• What is needed
Among the entries below, please show each line that carries the word "Saturation".

• Recorded data

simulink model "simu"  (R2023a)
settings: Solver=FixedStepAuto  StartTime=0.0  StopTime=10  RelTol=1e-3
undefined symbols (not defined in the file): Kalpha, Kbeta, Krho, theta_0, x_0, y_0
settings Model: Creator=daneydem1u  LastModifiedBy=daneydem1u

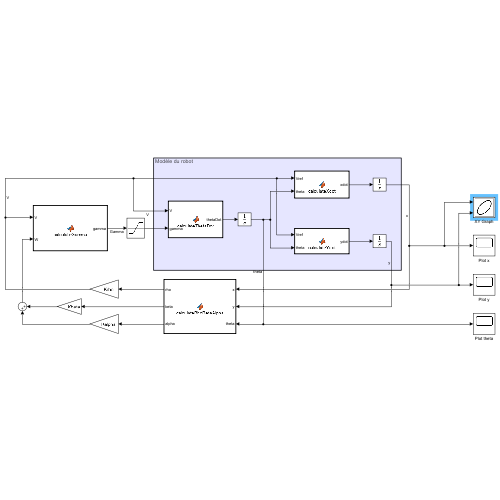
[thumbnail: Simulink's stored preview of the top-level diagram]
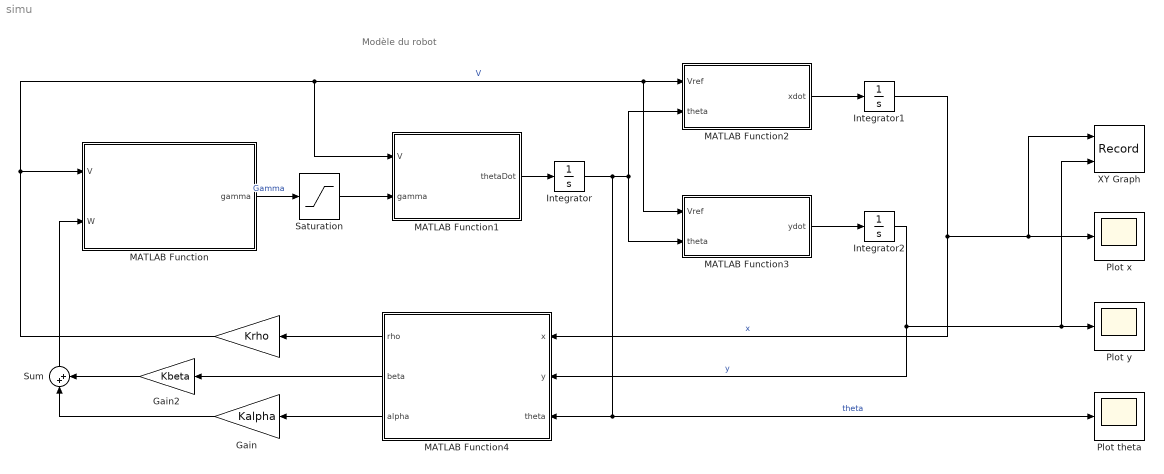
== system simu ==
  note: Modèle du robot
  " " : Gain  Gain=Krho
  Gain : Gain  Gain=Kalpha
  Gain2 : Gain  Gain=Kbeta
  Integrator : Integrator  InitialCondition=theta_0
  Integrator1 : Integrator  InitialCondition=x_0
  Integrator2 : Integrator  InitialCondition=y_0
  MATLAB Function : MATLAB Function  TreatAsAtomicUnit=on
  MATLAB Function1 : MATLAB Function  TreatAsAtomicUnit=on
  MATLAB Function2 : MATLAB Function  TreatAsAtomicUnit=on
  MATLAB Function3 : MATLAB Function  TreatAsAtomicUnit=on
  MATLAB Function4 : MATLAB Function  TreatAsAtomicUnit=on
  Plot theta : Scope
  Plot x : Scope
  Plot y : Scope
  Saturation : Saturate  UpperLimit=pi/2  LowerLimit=-pi/2
  Sum : Sum  Inputs=|++
  XY Graph : Record  FileSettingsInternal="{\"entries\":[{\"content\":{\"excelSettings\":{\"content\":{},\"type\":\"Streamout.ExcelSettings\"}},\"type\":\"Streamout.FileSettingStorage\",\"uuid\":\"87b38950-ab84-4d4e-b85e-4042bda6b861\"}],\"packageUris\":[\"http://schema.mathworks.com/mf0/streamout_blocks/R2020a\"],\"version\":\"1.0\"}"  Layout=[1 1]  SignalsInternal="{\"entries\":[{\"content\":{\"signals\":[{\"content\":{\"blockPath\":[\"simu/XY Graph\"],\"dimensions\":[1],\"domain\":\"simu/XY Graph\",\"lineColor\":\"#a2142f\",\"plots\":[1],\"port\":1,\"sid\":[\"\"],\"signalID\":212,\"signalName\":\"x\"},\"type\":\"RecordBlkView.Signal\",\"uuid\":\"13bd241f-c241-453c-ad47-541923f631b6\"},{\"content\":{\"blockPath\":[\"simu/XY Graph\"],\"dimensions\":[1],\"domain\":\"simu/XY Graph\",\"lineColor\":\"#139fff\",\"plots\":[1],\"port\":2,\"sid\":[\"\"],\"signalID\":216,\"signalName\":\"y\"},\"type\":\"RecordBlkView.Signal\",\"uuid\":\"333290c1-e4d1-4cdb-b6ca-dd34188088a4\"}]},\"type\":\"RecordBlkView.InputSignals\",\"uuid\":\"5faa1cd1-91aa-435c-92d6-fa03ea82110c\"}],\"packageUris\":[\"http://schema.mathworks.com/mf0/streamout_blocks/R2020a\"],\"version\":\"1.0\"}"  VisualizationBindings="{\"xyplotplugin\":{\"info\":[{\"series\":[{\"bindingParametersList\":[{\"parameter\":\"X-Axis\",\"signalID\":212,\"signalName\":\"x\"},{\"parameter\":\"Y-Axis\",\"signalID\":216,\"signalName\":\"y\"}],\"seriesID\":8097}],\"subplotID\":1}]}}"  CompatibilityTag=XY
  wires:
  " "/1 -> MATLAB Function/1(V), MATLAB Function1/1(V), MATLAB Function3/1(Vref), MATLAB Function2/1(Vref)  "V"
  Sum/1 -> MATLAB Function/2(W)
  MATLAB Function1/1(thetaDot) -> Integrator/1
  Integrator/1 -> MATLAB Function4/3(theta), Plot theta/1, MATLAB Function2/2(theta), MATLAB Function3/2(theta)  "theta"
  MATLAB Function2/1(xdot) -> Integrator1/1
  MATLAB Function3/1(ydot) -> Integrator2/1
  Integrator1/1 -> MATLAB Function4/1(x), XY Graph/1, Plot x/1  "x"
  Integrator2/1 -> MATLAB Function4/2(y), XY Graph/2, Plot y/1  "y"
  MATLAB Function4/1(rho) -> " "/1
  MATLAB Function4/2(beta) -> Gain2/1
  MATLAB Function4/3(alpha) -> Gain/1
  Gain2/1 -> Sum/2
  Gain/1 -> Sum/1
  Saturation/1 -> MATLAB Function1/2(gamma)
  MATLAB Function/1(gamma) -> Saturation/1  "Gamma"

== matlab function simu/MATLAB Function1 ==
  data: V input; thetaDot output; gamma input; longueur parameter
function thetaDot = calculateThetaDot(V, gamma, longueur)
    % Calcul de thetaDot
    thetaDot = V * tan(gamma) / longueur;
end

== matlab function simu/MATLAB Function ==
  data: V input; gamma output; W input; longueur parameter
function gamma = calculateGamma(V, W, longueur)
    gamma = atan((W * longueur) / V);
end

== matlab function simu/MATLAB Function2 ==
  data: Vref input; xdot output; theta input
function xdot = calculateXdot(Vref, theta)
    xdot = Vref * cos(theta);
end

== matlab function simu/MATLAB Function3 ==
  data: Vref input; ydot output; theta input
function ydot = calculateYdot(Vref, theta)
    ydot = Vref * sin(theta);
end

== matlab function simu/MATLAB Function4 ==
  data: x input; rho output; y input; theta input; beta output; alpha output
function [rho, beta, alpha] = calculateRhoBetaAlpha(x, y, theta)
    rho = sqrt(x^2 + y^2); % Distance euclidienne à l'origine

    % Calcul de l'angle alpha
    alpha_to_origin = atan2(-y, -x); % Angle entre la position actuelle et l'origine
    alpha = wrapToPi(alpha_to_origin - theta); % Différence d'angle

    % Calcul de l'angle beta
    beta = -theta; % Angle par rapport à l'orientation finale souhaitée (alignée avec l'axe des abscisses)
end

• Answer to the exercise
  Saturation : Saturate  UpperLimit=pi/2  LowerLimit=-pi/2
  Saturation/1 -> MATLAB Function1/2(gamma)
  MATLAB Function/1(gamma) -> Saturation/1  "Gamma"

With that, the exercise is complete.